Orange defeats Loyola in scoring battle
Syracuse head coach Lisa Miller lay in bed the night before the Syracuse women’s lacrosse game on Saturday against Loyola, pondering a possible shift the Big East Conference’s balance of power.
Though Loyola is struggling this season, the normal perennial national title contender replaces Boston College in the Big East next year. The Greyhounds had defeated the Orange two consecutive years and Miller, SU’s head coach, wanted her team to deliver a message that future conference games would not be so one-sided.
Consider it sent.
No. 17 Syracuse survived a 30-minute scoring drought and three Greyhound comebacks to defeat Loyola, 11-9, in front of 276 at the Carrier Dome. SU junior attack Meghan O’Connell’s goal with 5:16 remaining broke a 9-9 tie and gave the Orange (8-2, 1-1 Big East) its sixth straight win.
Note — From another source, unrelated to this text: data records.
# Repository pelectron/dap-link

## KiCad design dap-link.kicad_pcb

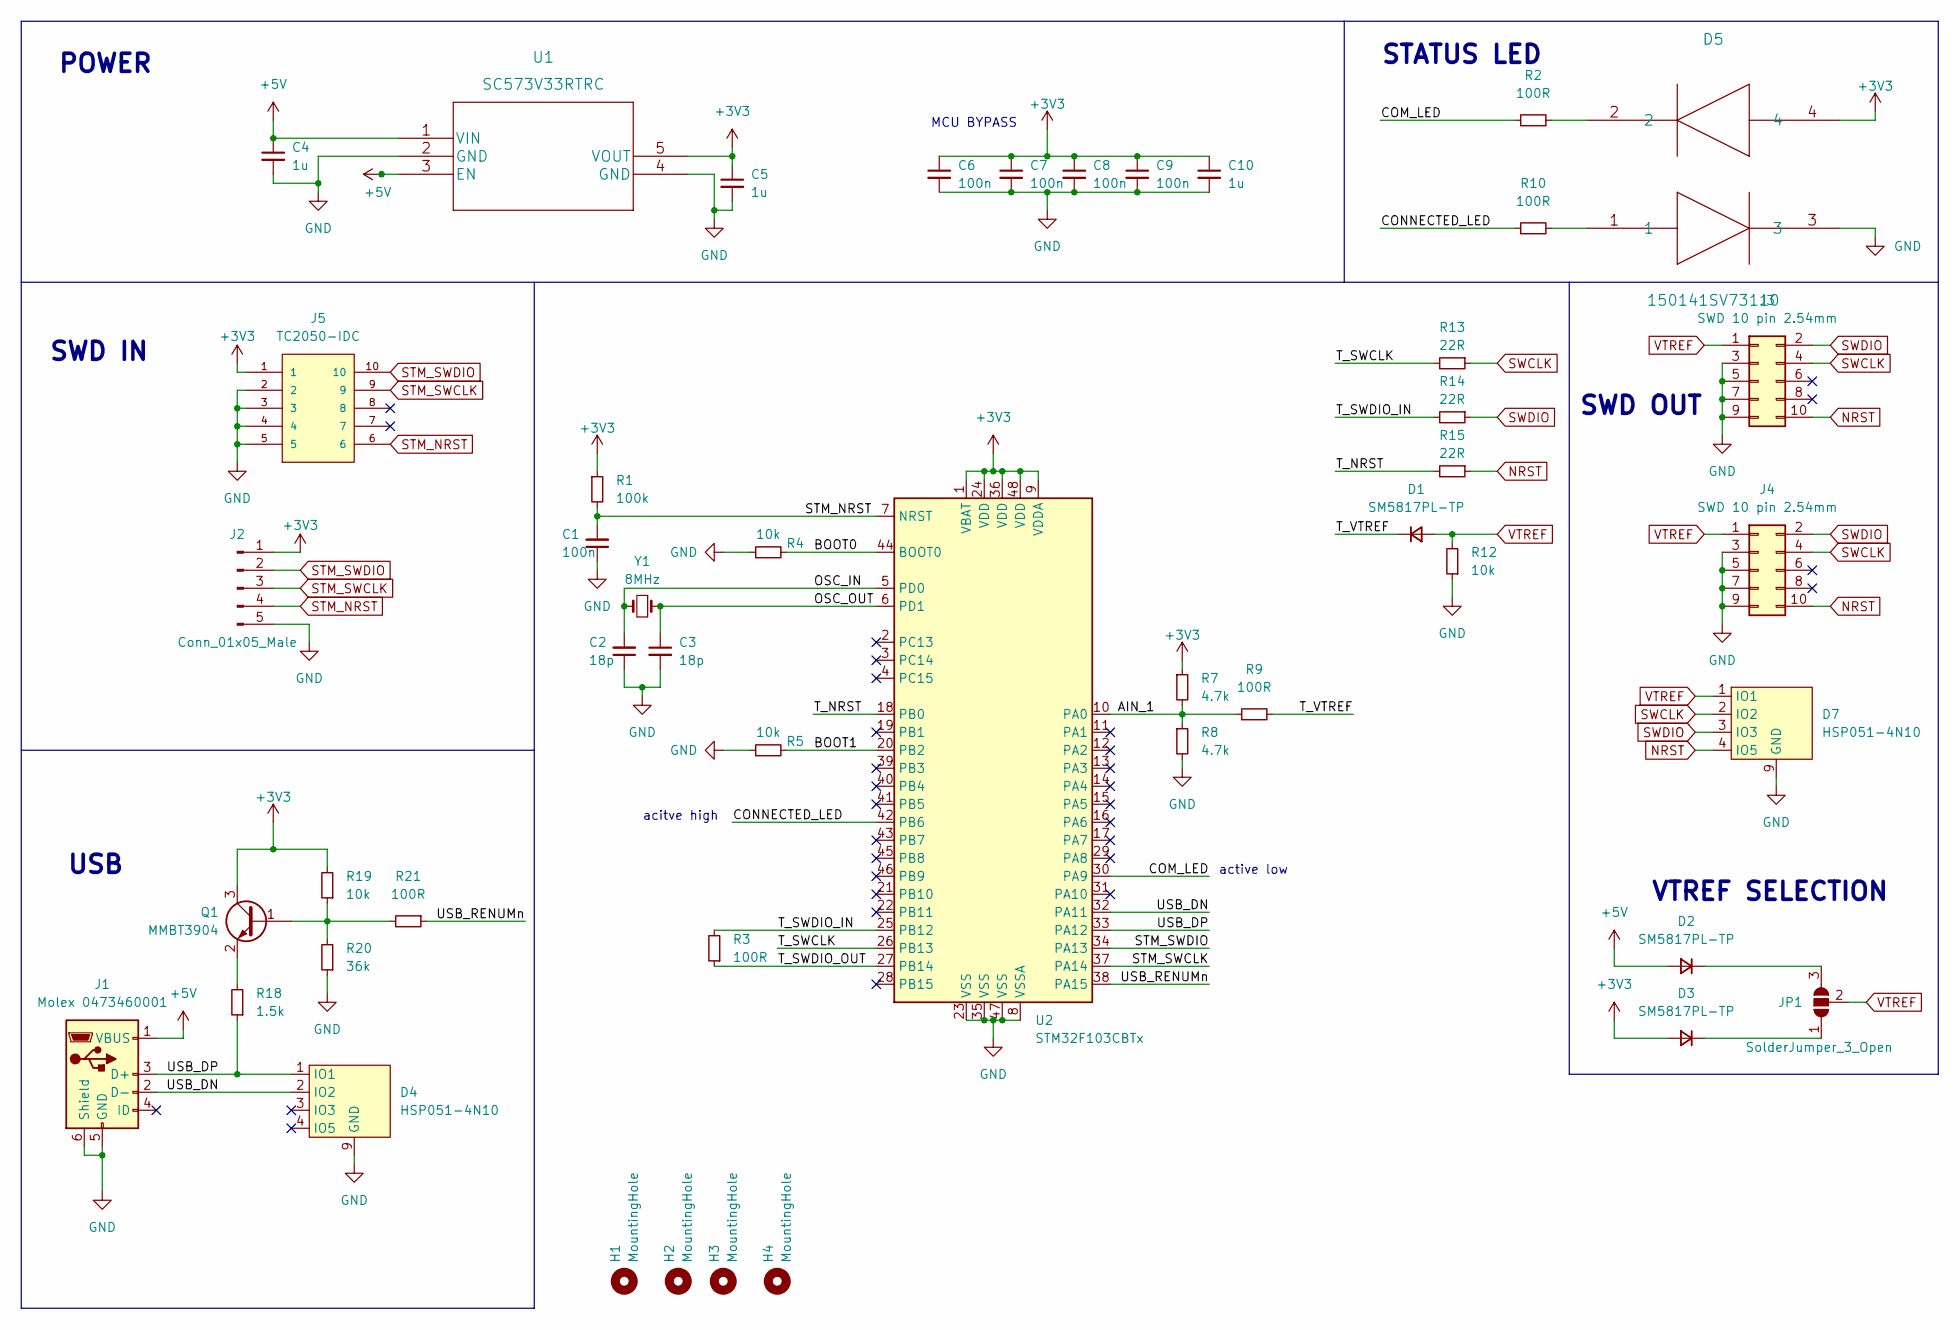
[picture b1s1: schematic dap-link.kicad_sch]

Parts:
C1, C6, C7, C8, C9: 100n; C_0603_1608Metric
C2, C3: 18p; C_0603_1608Metric
C4, C5, C10: 1u; C_0603_1608Metric
D1, D2, D3: SM5817PL-TP; D_SOD-123
D4, D7: HSP051-4N10; UQFN1.9x1_10L
D5: 150141SV73110
H1, H2, H3, H4: MountingHole; MountingHole_3.2mm_M3
J1: Molex 0473460001; Molex_0473460001; Manufacturer PN 0473460001
J2: Conn_01x05_Male; SWD_SOLDER
J3: SWD 10 pin 2.54mm; PinHeader_2x05_P2.54mm_Vertical_SMD
J4: SWD 10 pin 2.54mm; GBED204-0579B001C1AD
J5: TC2050-IDC; TAG-CONNECT_TC2050-IDC; PARTREV A
JP1: SolderJumper_3_Open; SolderJumper-3_P2.0mm_Open_TrianglePad1.0x1.5mm
Q1: MMBT3904; TSOT-23
R1: 100k; R_0603_1608Metric
R2, R3, R9, R10, R21: 100R; R_0603_1608Metric
R4, R5, R12, R19: 10k; R_0603_1608Metric
R7, R8: 4.7k; R_0603_1608Metric
R13, R14, R15: 22R; R_0603_1608Metric
R18: 1.5k; R_0603_1608Metric
R20: 36k; R_0603_1608Metric
U1: SC573V33RTRC
U2: STM32F103CBTx; LQFP-48_7x7mm_P0.5mm
Y1: 8MHz; ECS-023G

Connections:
+3V3: C5.1, C6.1, C7.1, C8.1, C9.1, C10.1, D3.2 (A), D5.4, J2.1, J5.1, Q1.3 (C), R1.1, R7.1, R19.2, U1.5 (VOUT), U2.1 (VBAT), U2.9 (VDDA), U2.24 (VDD), U2.36 (VDD), U2.48 (VDD)
+5V: C4.1, D2.2 (A), J1.1 (VBUS), U1.1 (VIN), U1.3 (EN)
/AIN_1: R7.2, R8.1, R9.1, U2.10 (PA0)
/BOOT0: R4.2, U2.44 (BOOT0)
/BOOT1: R5.2, U2.20 (PB2)
/COM_LED: R2.1, U2.30 (PA9)
/CONNECTED_LED: R10.1, U2.42 (PB6)
/OSC_IN: C2.2, U2.5 (PD0), Y1.2
/OSC_OUT: C3.1, U2.6 (PD1), Y1.1
/T_NRST: R15.2, U2.18 (PB0)
/T_SWCLK: R13.2, U2.26 (PB13)
/T_SWDIO_IN: R3.2, R14.2, U2.25 (PB12)
/T_SWDIO_OUT: R3.1, U2.27 (PB14)
/T_VTREF: D1.1 (K), R9.2
/USB_DN: D4.2 (IO2), J1.2 (D-), U2.32 (PA11)
/USB_DP: D4.1 (IO1), J1.3 (D+), R18.1, U2.33 (PA12)
/USB_RENUMn: R21.1, U2.38 (PA15)
GND: C1.1, C2.1, C3.2, C4.2, C5.2, C6.2, C7.2, C8.2, C9.2, C10.2, D4.9 (GND), D5.3, D7.9 (GND), J1.5 (GND), J1.6 (Shield), J2.5, J3.3, J3.5, J3.7, J3.9, J4.3, J4.5, J4.7, J4.9, J5.2, J5.3, J5.4, J5.5, R4.1, R5.1, R8.2, R12.1, R20.1, U1.2 (GND), U1.4 (GND), U2.8 (VSSA), U2.23 (VSS), U2.35 (VSS), U2.47 (VSS)
NRST: D7.4 (IO5), J3.10, J4.10, R15.1
unnamed: D2.1 (K), JP1.3 (B)
unnamed: D3.1 (K), JP1.1 (A)
unnamed: D5.1, R10.2
unnamed: D5.2, R2.2
unnamed: Q1.1 (B), R19.1, R20.2, R21.2
unnamed: Q1.2 (E), R18.2
STM_NRST: C1.2, J2.4, J5.6, R1.2, U2.7 (NRST)
STM_SWCLK: J2.3, J5.9, U2.37 (PA14)
STM_SWDIO: J2.2, J5.10, U2.34 (PA13)
SWCLK: D7.2 (IO2), J3.4, J4.4, R13.1
SWDIO: D7.3 (IO3), J3.2, J4.2, R14.1
VTREF: D1.2 (A), D7.1 (IO1), J3.1, J4.1, JP1.2 (C), R12.2

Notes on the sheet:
STATUS LED
active low
POWER
USB
SWD IN
SWD OUT
MCU BYPASS
acitve high
VTREF SELECTION

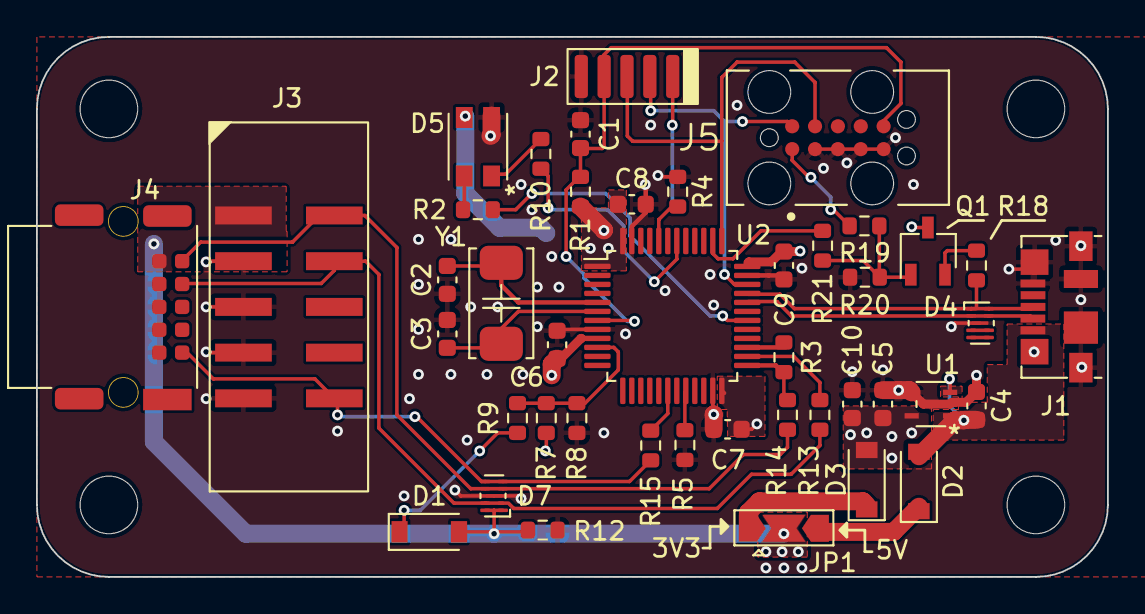
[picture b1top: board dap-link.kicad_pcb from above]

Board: 4 copper layers, 59.5 x 30.0 mm, 47 parts (0 on the bottom side), 31 nets.

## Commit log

2023-01-22 added gitignore
2023-01-23 case v1
2023-02-04 changed 1.27mm swd out connector to horizontal orientation
2023-02-04 added DAPLink firmware as submodule
2023-02-04 updated build script

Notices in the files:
parts and their libraries:
Copyright 2021 Accelerated Designs. All rights reserved.

‘We are not going to get pushed out of our role in the Big East as one of the better teams,’ Miller said.
More important for SU than asserting itself in the budding rivalry was getting the victory. Miller called the game a ‘must-win’ afterward because two other top 20 teams in the northeast, Hofstra and Boston University, already defeated Loyola (3-7) this season. A loss would have dealt a severe blow to SU’s hopes for an NCAA Tournament at-large bid.
Early on, the outcome did not appear in doubt. Just 12 minutes into the game, SU jumped to a 5-0 lead on goals by five different players. But then, both the offense and defense shut down. Loyola dominated the rest of the half, culminating in Australia native Kate McHarg’s three goals in the final 68 seconds to even the score, 5-5.
‘We were a little flat emotionally,’ Miller said. ‘The game on Tuesday (against Cornell) took a lot out of us. We talked about just going back to the game plan, getting a bounce (in our step) and going after it.’
SU responded after the break. Once the Orange found the back of the net, the flood gates opened like the beginning of the first half. Three goals in less than three minutes gave SU an 8-5 lead. But the relentless Greyhounds battled back to tie the game at 8-8, and then again at 9-9.
Finally, O’Connell’s third goal of the game gave SU the lead for good. It was the third straight game the junior tallied a hat trick.
‘The people behind (the net) know that as soon as Meghan’s stick is open, she is going to score,’ SU senior midfielder Courtney Palladino said. ‘The chemistry is there.’
Loyola took a page out of the Cornell playbook and called for an inspection of O’Connell’s stick after her final goal. Last Tuesday, Palladino and fellow senior midfielder Monica Joines were caught with illegal sticks – ones that held the ball when turned over. But O’Connell’s passed the test and a large roar went up in the crowd and on the SU sideline, as if to say ‘told-you-so.’
Other than O’Connell’s game-winner, the biggest goal of the game came from freshman midfielder Allison Furstenburg. She ended the frustration of SU’s longest scoring drought of the season when she gave the Orange a 6-5 lead with 20 minutes left. Though she said afterward she only concerned herself with not committing a turnover, the assertive one-on-one move she used exemplified her growing confidence.
O’Connell and Furstenburg’s increased efforts of late prove the Orange offer seven legitimate, and seemingly equal, scoring threats.
‘Today Loyola didn’t know who they were going to double-team because of where everyone was going,’ Palladino said.
But now there’s always next year for Loyola. Miller is pleased with the Big East’s new addition, noting that all the teams in the conference will benefit from the Greyhounds’ strength-of-schedule. Loyola left the Colonial Athletic Association after the 2002 season.
‘We’ve been lucky to join a conference,’ Loyola head coach Kerri O’Day said. ‘The Big East is strong. It’s great to be a part of.’
Though SU suffered lapses on both sides of the ball on Saturday, Miller will sleep well tonight knowing the Orange hold the bragging rights for the first conference game against the Greyhounds next year.
‘It was a sloppy game,’ Palladino said. ‘But we still came out on top.’